An Image is Worth $K$ Topics: A Visual Structural Topic Model with Pretrained Image Embeddings
Matías Piqueras, Alexandra Segerberg, Matteo Magnani, Måns Magnusson, Nataša Sladoje
TL;DR
The paper addresses the challenge of analyzing visual political content at scale by coupling pretrained image embeddings with a structural topic model (vSTM) to allow images to exhibit mixed topic memberships and to relate topic prevalence to covariates via a logistic-normal prior. It formalizes a generative model with image embeddings $\bm{z}_i$ drawn from a mixture of topic embeddings $\bm{\beta}_k$ and topic proportions $\bm{\theta}_i$, where $\bm{\theta}_i$ depends on covariates through $\bm{\Gamma}$ and a covariance structure $\bm{\Omega}_{\theta}$ with an LKJ prior.

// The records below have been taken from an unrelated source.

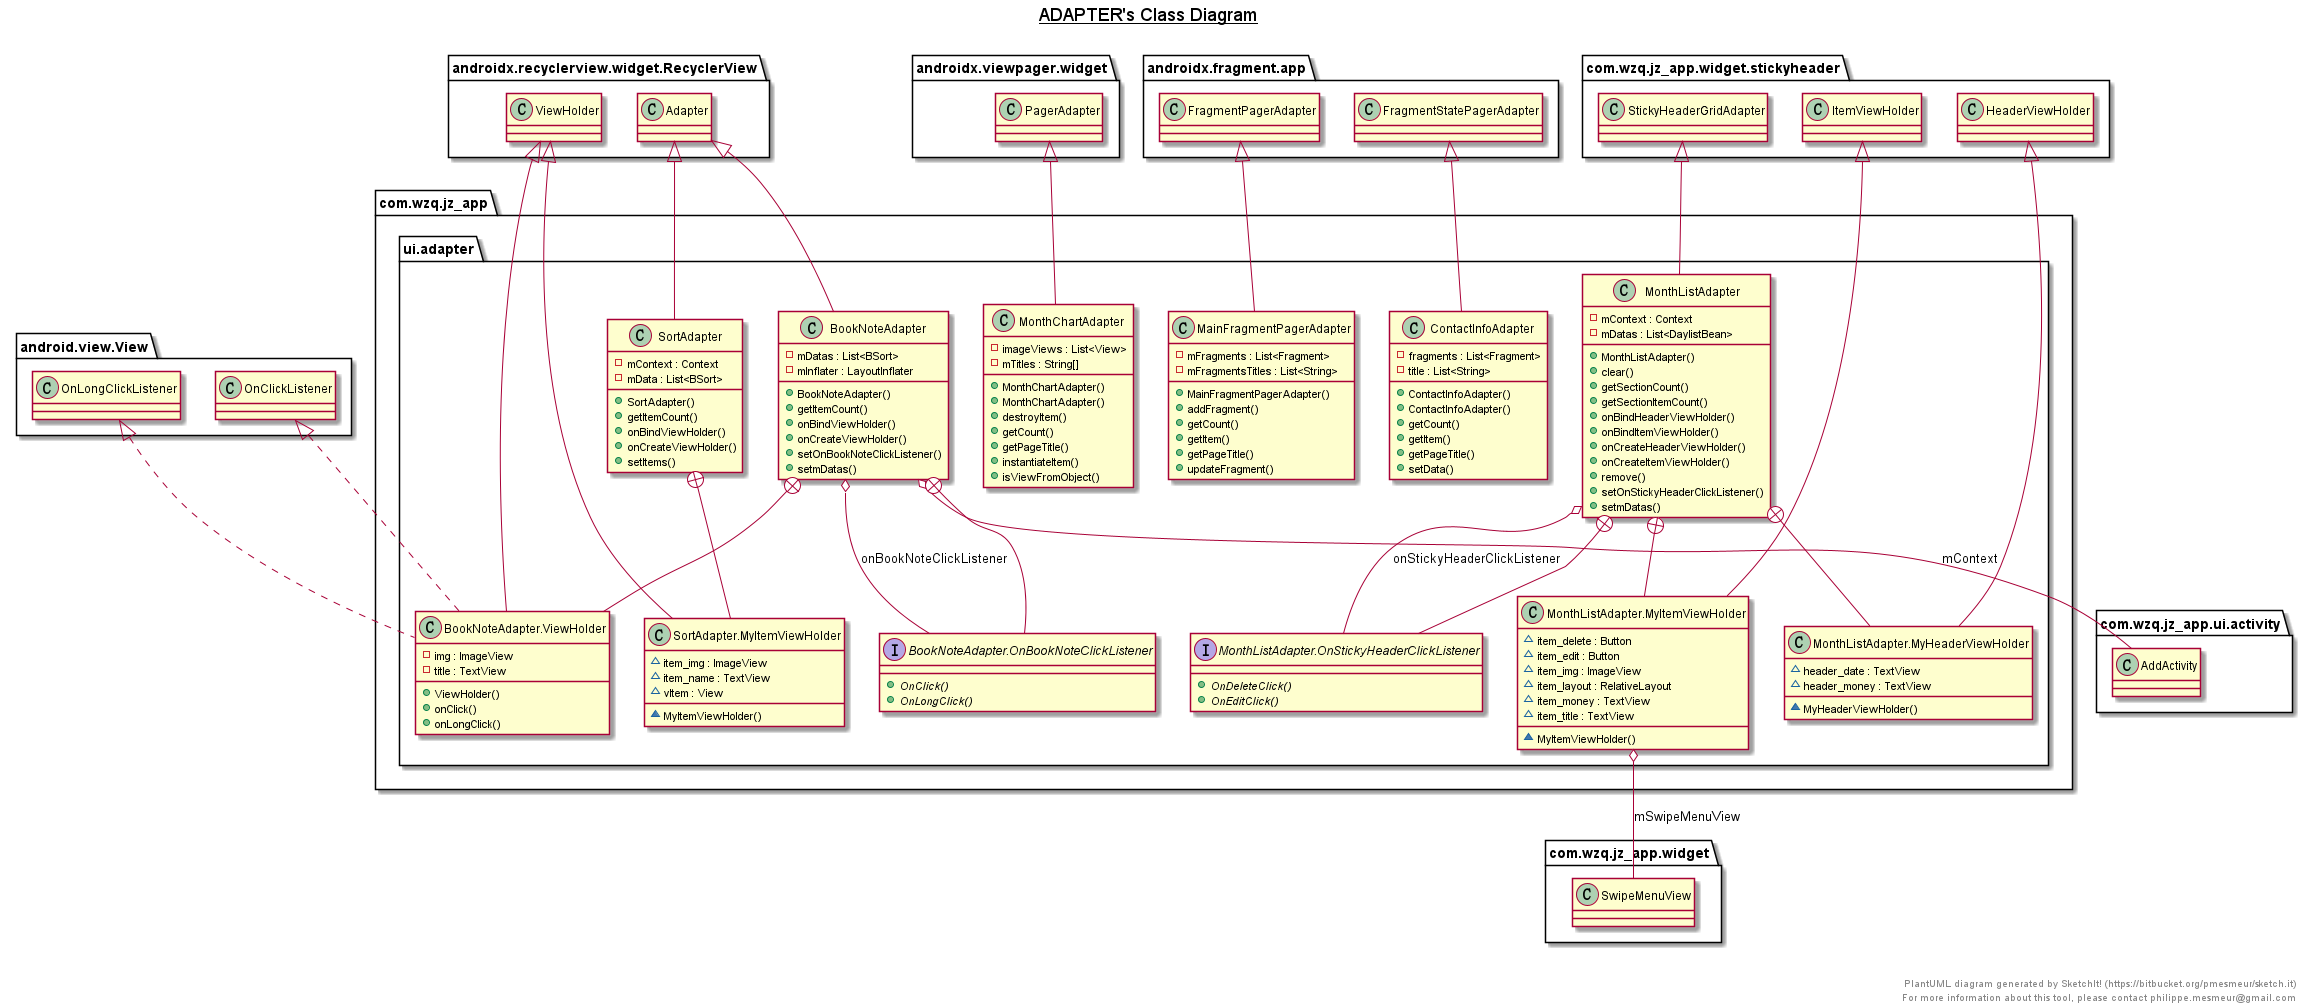

The diagram above was rendered by PlantUML. Its source (embedded in the PNG):
@startuml

title __ADAPTER's Class Diagram__\n

  namespace com.wzq.jz_app {
    namespace ui.adapter {
      class com.wzq.jz_app.ui.adapter.BookNoteAdapter {
          - mDatas : List<BSort>
          - mInflater : LayoutInflater
          + BookNoteAdapter()
          + getItemCount()
          + onBindViewHolder()
          + onCreateViewHolder()
          + setOnBookNoteClickListener()
          + setmDatas()
      }
    }
  }
  

  namespace com.wzq.jz_app {
    namespace ui.adapter {
      interface com.wzq.jz_app.ui.adapter.BookNoteAdapter.OnBookNoteClickListener {
          {abstract} + OnClick()
          {abstract} + OnLongClick()
      }
    }
  }
  

  namespace com.wzq.jz_app {
    namespace ui.adapter {
      class com.wzq.jz_app.ui.adapter.BookNoteAdapter.ViewHolder {
          - img : ImageView
          - title : TextView
          + ViewHolder()
          + onClick()
          + onLongClick()
      }
    }
  }
  

  namespace com.wzq.jz_app {
    namespace ui.adapter {
      class com.wzq.jz_app.ui.adapter.ContactInfoAdapter {
          - fragments : List<Fragment>
          - title : List<String>
          + ContactInfoAdapter()
          + ContactInfoAdapter()
          + getCount()
          + getItem()
          + getPageTitle()
          + setData()
      }
    }
  }
  

  namespace com.wzq.jz_app {
    namespace ui.adapter {
      class com.wzq.jz_app.ui.adapter.MainFragmentPagerAdapter {
          - mFragments : List<Fragment>
          - mFragmentsTitles : List<String>
          + MainFragmentPagerAdapter()
          + addFragment()
          + getCount()
          + getItem()
          + getPageTitle()
          + updateFragment()
      }
    }
  }
  

  namespace com.wzq.jz_app {
    namespace ui.adapter {
      class com.wzq.jz_app.ui.adapter.MonthChartAdapter {
          - imageViews : List<View>
          - mTitles : String[]
          + MonthChartAdapter()
          + MonthChartAdapter()
          + destroyItem()
          + getCount()
          + getPageTitle()
          + instantiateItem()
          + isViewFromObject()
      }
    }
  }
  

  namespace com.wzq.jz_app {
    namespace ui.adapter {
      class com.wzq.jz_app.ui.adapter.MonthListAdapter {
          - mContext : Context
          - mDatas : List<DaylistBean>
          + MonthListAdapter()
          + clear()
          + getSectionCount()
          + getSectionItemCount()
          + onBindHeaderViewHolder()
          + onBindItemViewHolder()
          + onCreateHeaderViewHolder()
          + onCreateItemViewHolder()
          + remove()
          + setOnStickyHeaderClickListener()
          + setmDatas()
      }
    }
  }
  

  namespace com.wzq.jz_app {
    namespace ui.adapter {
      class com.wzq.jz_app.ui.adapter.MonthListAdapter.MyHeaderViewHolder {
          ~ header_date : TextView
          ~ header_money : TextView
          ~ MyHeaderViewHolder()
      }
    }
  }
  

  namespace com.wzq.jz_app {
    namespace ui.adapter {
      class com.wzq.jz_app.ui.adapter.MonthListAdapter.MyItemViewHolder {
          ~ item_delete : Button
          ~ item_edit : Button
          ~ item_img : ImageView
          ~ item_layout : RelativeLayout
          ~ item_money : TextView
          ~ item_title : TextView
          ~ MyItemViewHolder()
      }
    }
  }
  

  namespace com.wzq.jz_app {
    namespace ui.adapter {
      interface com.wzq.jz_app.ui.adapter.MonthListAdapter.OnStickyHeaderClickListener {
          {abstract} + OnDeleteClick()
          {abstract} + OnEditClick()
      }
    }
  }
  

  namespace com.wzq.jz_app {
    namespace ui.adapter {
      class com.wzq.jz_app.ui.adapter.SortAdapter {
          - mContext : Context
          - mData : List<BSort>
          + SortAdapter()
          + getItemCount()
          + onBindViewHolder()
          + onCreateViewHolder()
          + setItems()
      }
    }
  }
  

  namespace com.wzq.jz_app {
    namespace ui.adapter {
      class com.wzq.jz_app.ui.adapter.SortAdapter.MyItemViewHolder {
          ~ item_img : ImageView
          ~ item_name : TextView
          ~ vItem : View
          ~ MyItemViewHolder()
      }
    }
  }
  

  com.wzq.jz_app.ui.adapter.BookNoteAdapter -up-|> androidx.recyclerview.widget.RecyclerView.Adapter
  com.wzq.jz_app.ui.adapter.BookNoteAdapter o-- com.wzq.jz_app.ui.activity.AddActivity : mContext
  com.wzq.jz_app.ui.adapter.BookNoteAdapter o-- com.wzq.jz_app.ui.adapter.BookNoteAdapter.OnBookNoteClickListener : onBookNoteClickListener
  com.wzq.jz_app.ui.adapter.BookNoteAdapter +-down- com.wzq.jz_app.ui.adapter.BookNoteAdapter.OnBookNoteClickListener
  com.wzq.jz_app.ui.adapter.BookNoteAdapter +-down- com.wzq.jz_app.ui.adapter.BookNoteAdapter.ViewHolder
  com.wzq.jz_app.ui.adapter.BookNoteAdapter.ViewHolder .up.|> android.view.View.OnClickListener
  com.wzq.jz_app.ui.adapter.BookNoteAdapter.ViewHolder .up.|> android.view.View.OnLongClickListener
  com.wzq.jz_app.ui.adapter.BookNoteAdapter.ViewHolder -up-|> androidx.recyclerview.widget.RecyclerView.ViewHolder
  com.wzq.jz_app.ui.adapter.ContactInfoAdapter -up-|> androidx.fragment.app.FragmentStatePagerAdapter
  com.wzq.jz_app.ui.adapter.MainFragmentPagerAdapter -up-|> androidx.fragment.app.FragmentPagerAdapter
  com.wzq.jz_app.ui.adapter.MonthChartAdapter -up-|> androidx.viewpager.widget.PagerAdapter
  com.wzq.jz_app.ui.adapter.MonthListAdapter -up-|> com.wzq.jz_app.widget.stickyheader.StickyHeaderGridAdapter
  com.wzq.jz_app.ui.adapter.MonthListAdapter o-- com.wzq.jz_app.ui.adapter.MonthListAdapter.OnStickyHeaderClickListener : onStickyHeaderClickListener
  com.wzq.jz_app.ui.adapter.MonthListAdapter +-down- com.wzq.jz_app.ui.adapter.MonthListAdapter.MyHeaderViewHolder
  com.wzq.jz_app.ui.adapter.MonthListAdapter +-down- com.wzq.jz_app.ui.adapter.MonthListAdapter.MyItemViewHolder
  com.wzq.jz_app.ui.adapter.MonthListAdapter +-down- com.wzq.jz_app.ui.adapter.MonthListAdapter.OnStickyHeaderClickListener
  com.wzq.jz_app.ui.adapter.MonthListAdapter.MyHeaderViewHolder -up-|> com.wzq.jz_app.widget.stickyheader.StickyHeaderGridAdapter.HeaderViewHolder
  com.wzq.jz_app.ui.adapter.MonthListAdapter.MyItemViewHolder -up-|> com.wzq.jz_app.widget.stickyheader.StickyHeaderGridAdapter.ItemViewHolder
  com.wzq.jz_app.ui.adapter.MonthListAdapter.MyItemViewHolder o-- com.wzq.jz_app.widget.SwipeMenuView : mSwipeMenuView
  com.wzq.jz_app.ui.adapter.SortAdapter -up-|> androidx.recyclerview.widget.RecyclerView.Adapter
  com.wzq.jz_app.ui.adapter.SortAdapter +-down- com.wzq.jz_app.ui.adapter.SortAdapter.MyItemViewHolder
  com.wzq.jz_app.ui.adapter.SortAdapter.MyItemViewHolder -up-|> androidx.recyclerview.widget.RecyclerView.ViewHolder


right footer


PlantUML diagram generated by SketchIt! (https://bitbucket.org/pmesmeur/sketch.it)
For more information about this tool, please contact philippe.mesmeur@gmail.com
endfooter

@enduml

Inference is conducted with mean-field variational methods using reparameterization and minibatching, enabling scalable analysis, while quantities of interest include posterior means of topics and their covariate-driven prevalence; the authors apply the model to COP-related Twitter images encoded with CLIP, perform model selection (choosing $K=45$), and validate coherence through human-involved intrusion tasks. The empirical results reveal distinct visual worlds by actor and stance, with interpretable topics and meaningful visual co-occurrence patterns, and demonstrate the framework’s potential for multimodal and cross-platform research. The work highlights the importance of pretrained embeddings for political image analysis, discusses limitations such as embedding biases, and points to future directions including improved interpretability and open-source tooling.
Abstract
Political scientists are increasingly interested in analyzing visual content at scale. However, the existing computational toolbox is still in need of methods and models attuned to the specific challenges and goals of social and political inquiry. In this article, we introduce a visual Structural Topic Model (vSTM) that combines pretrained image embeddings with a structural topic model. This has important advantages compared to existing approaches. First, pretrained embeddings allow the model to capture the semantic complexity of images relevant to political contexts. Second, the structural topic model provides the ability to analyze how topics and covariates are related, while maintaining a nuanced representation of images as a mixture of multiple topics. In our empirical application, we show that the vSTM is able to identify topics that are interpretable, coherent, and substantively relevant to the study of online political communication.